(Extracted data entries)

---

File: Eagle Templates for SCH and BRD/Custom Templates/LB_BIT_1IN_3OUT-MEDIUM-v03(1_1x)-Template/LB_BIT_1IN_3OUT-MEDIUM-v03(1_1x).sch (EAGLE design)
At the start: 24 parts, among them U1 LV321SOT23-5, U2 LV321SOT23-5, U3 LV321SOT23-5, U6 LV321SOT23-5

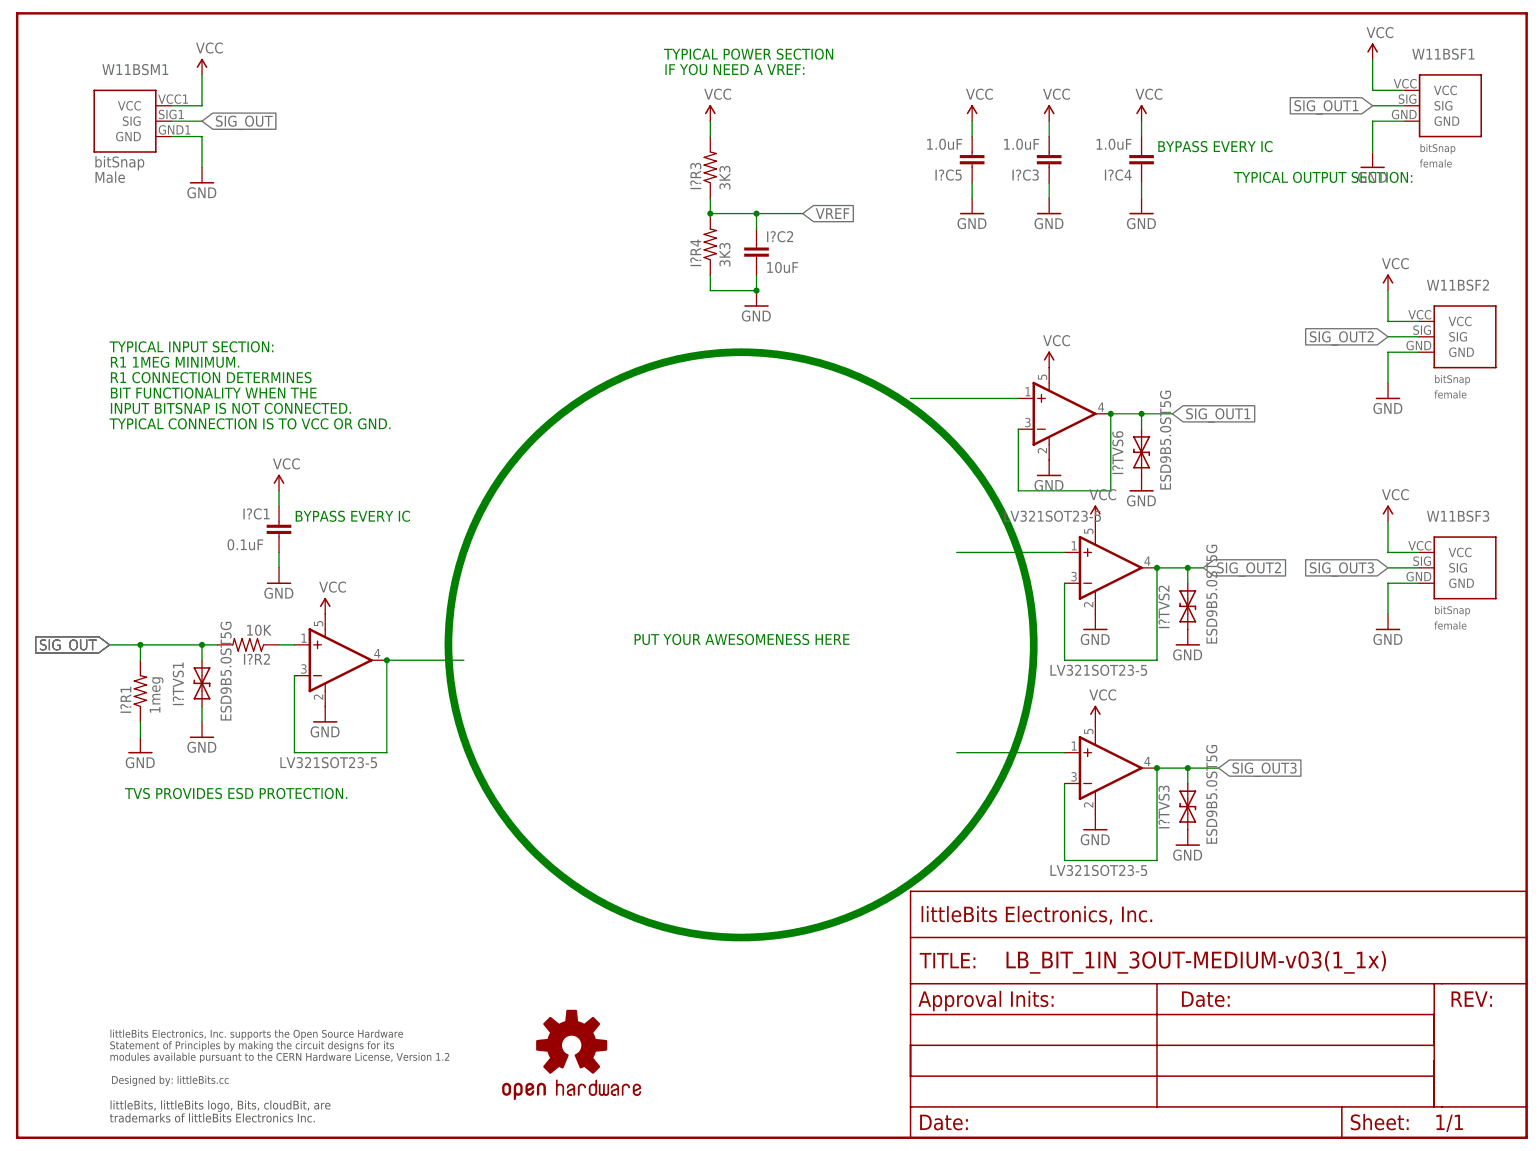
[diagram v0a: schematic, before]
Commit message: Updated templates
- Added ferrite beads
- Moved text and annotations off of Nets layer
- Minor layout changes
- Removed I/O/W prefix from reference designators
- Removed output stage components from output bits
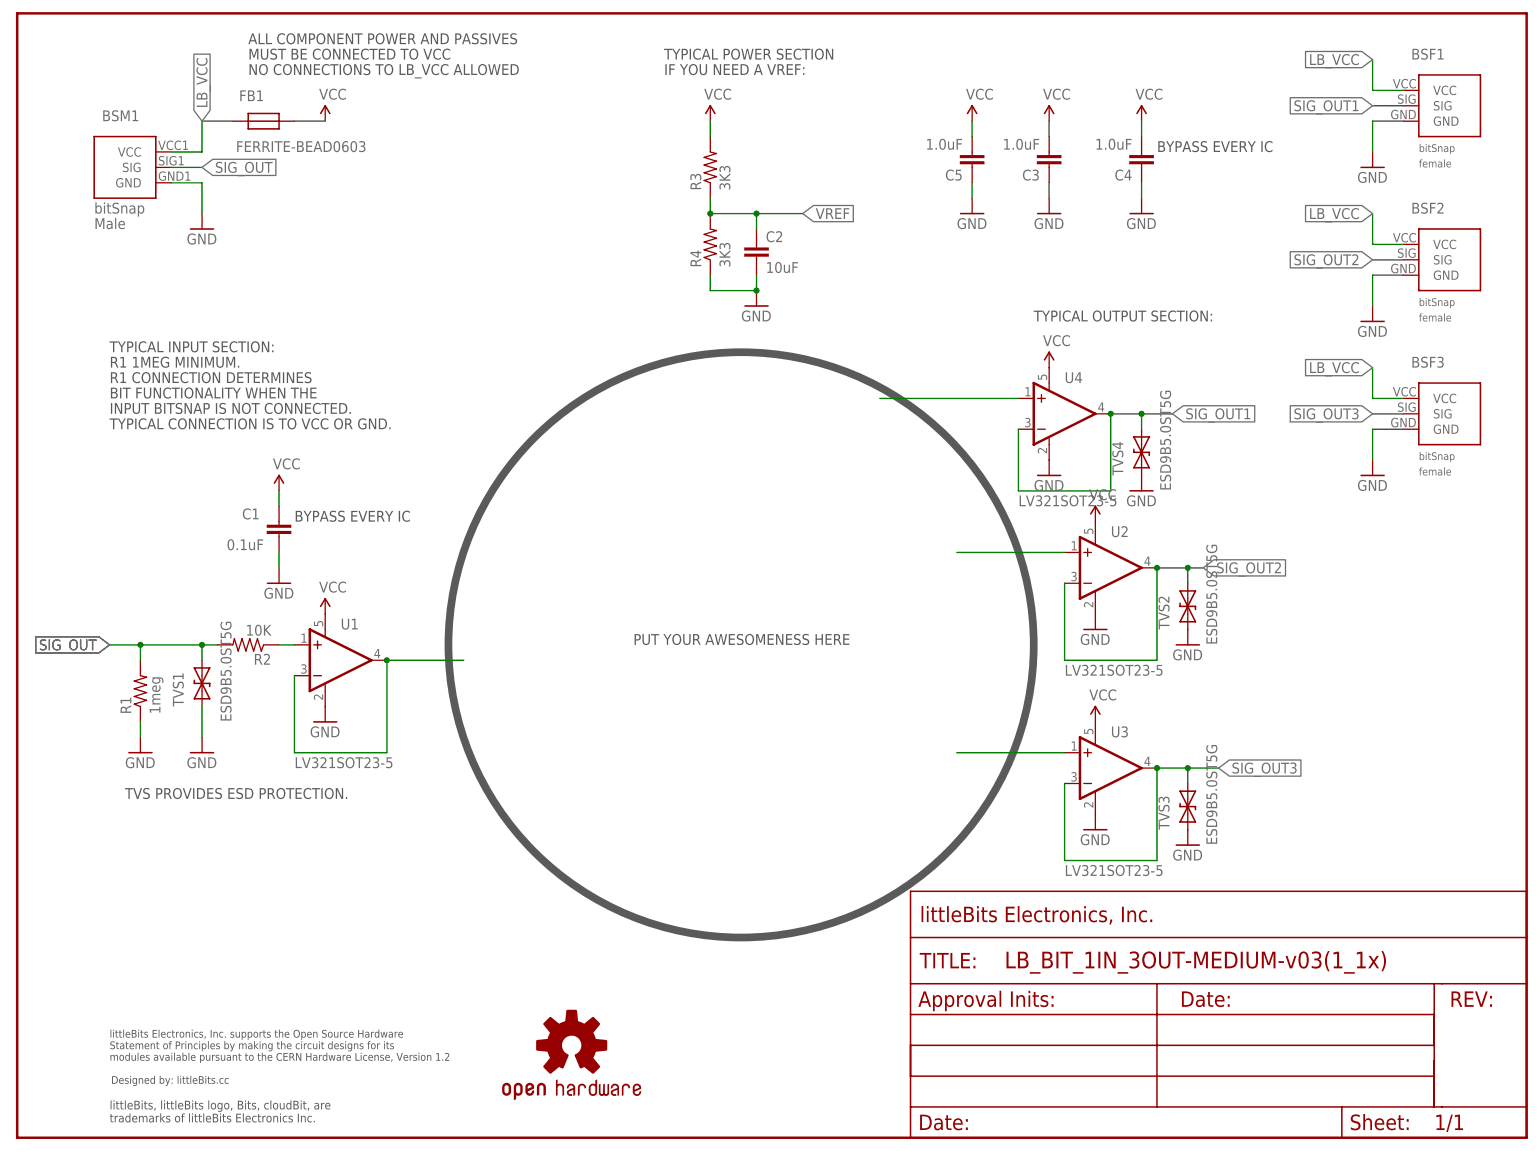
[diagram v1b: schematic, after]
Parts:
- removed W11BSF1, W11BSF2, W11BSF3: BITSNAP_V03_FEMALE, bitSnap:BITSNAP_V03_FEMALE
- removed W11BSM1: BITSNAP_V03_MALE, bitSnap:BITSNAP_V03_MALE
- added BSF1, BSF2, BSF3: BITSNAP_V03_FEMALE, bitSnap:BITSNAP_V03_FEMALE
- added BSM1: BITSNAP_V03_MALE, bitSnap:BITSNAP_V03_MALE
- added FB1: FERRITE-BEAD0603, LITTLEBITS:FERRITE-BEAD0603
- renumbered I?C1 to C1, I?C2 to C2, I?C3 to C3, I?C4 to C4, I?C5 to C5, I?R1 to R1, I?R2 to R2, I?R3 to R3, I?R4 to R4, I?TVS1 to TVS1, I?TVS2 to TVS2, I?TVS3 to TVS3, I?TVS6 to TVS4, U6 to U4
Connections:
- new net LB_VCC: BSF1.VCC, BSF2.VCC, BSF3.VCC, BSM1.VCC, FB1.P$2
- net GND: now also BSF1.GND, BSF2.GND, BSF3.GND, BSM1.GND; no longer W11BSF2.GND, W11BSF3.GND, W11BSM1.GND
- net SIG_OUT: now also BSM1.SIG; no longer W11BSM1.SIG
- net SIG_OUT1: now also BSF1.SIG
- net SIG_OUT2: now also BSF2.SIG; no longer W11BSF2.SIG
- net SIG_OUT3: now also BSF3.SIG; no longer W11BSF3.SIG
- net VCC: now also FB1.P$1; no longer W11BSF2.VCC, W11BSF3.VCC, W11BSM1.VCC
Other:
- note added: "ALL COMPONENT POWER AND PASSIVES"
- note added: "MUST BE CONNECTED TO VCC"
- note added: "NO CONNECTIONS TO LB_VCC ALLOWED"

---

= ASSIGNMENT =
Repeat the records above exactly, leaving out any pictures they contain.

= TASK ANSWER =
File: Eagle Templates for SCH and BRD/Custom Templates/LB_BIT_1IN_3OUT-MEDIUM-v03(1_1x)-Template/LB_BIT_1IN_3OUT-MEDIUM-v03(1_1x).sch (EAGLE design)
At the start: 24 parts, among them U1 LV321SOT23-5, U2 LV321SOT23-5, U3 LV321SOT23-5, U6 LV321SOT23-5

[diagram v0a: schematic, before]
Commit message: Updated templates
- Added ferrite beads
- Moved text and annotations off of Nets layer
- Minor layout changes
- Removed I/O/W prefix from reference designators
- Removed output stage components from output bits
[diagram v1b: schematic, after]
Parts:
- removed W11BSF1, W11BSF2, W11BSF3: BITSNAP_V03_FEMALE, bitSnap:BITSNAP_V03_FEMALE
- removed W11BSM1: BITSNAP_V03_MALE, bitSnap:BITSNAP_V03_MALE
- added BSF1, BSF2, BSF3: BITSNAP_V03_FEMALE, bitSnap:BITSNAP_V03_FEMALE
- added BSM1: BITSNAP_V03_MALE, bitSnap:BITSNAP_V03_MALE
- added FB1: FERRITE-BEAD0603, LITTLEBITS:FERRITE-BEAD0603
- renumbered I?C1 to C1, I?C2 to C2, I?C3 to C3, I?C4 to C4, I?C5 to C5, I?R1 to R1, I?R2 to R2, I?R3 to R3, I?R4 to R4, I?TVS1 to TVS1, I?TVS2 to TVS2, I?TVS3 to TVS3, I?TVS6 to TVS4, U6 to U4
Connections:
- new net LB_VCC: BSF1.VCC, BSF2.VCC, BSF3.VCC, BSM1.VCC, FB1.P$2
- net GND: now also BSF1.GND, BSF2.GND, BSF3.GND, BSM1.GND; no longer W11BSF2.GND, W11BSF3.GND, W11BSM1.GND
- net SIG_OUT: now also BSM1.SIG; no longer W11BSM1.SIG
- net SIG_OUT1: now also BSF1.SIG
- net SIG_OUT2: now also BSF2.SIG; no longer W11BSF2.SIG
- net SIG_OUT3: now also BSF3.SIG; no longer W11BSF3.SIG
- net VCC: now also FB1.P$1; no longer W11BSF2.VCC, W11BSF3.VCC, W11BSM1.VCC
Other:
- note added: "ALL COMPONENT POWER AND PASSIVES"
- note added: "MUST BE CONNECTED TO VCC"
- note added: "NO CONNECTIONS TO LB_VCC ALLOWED"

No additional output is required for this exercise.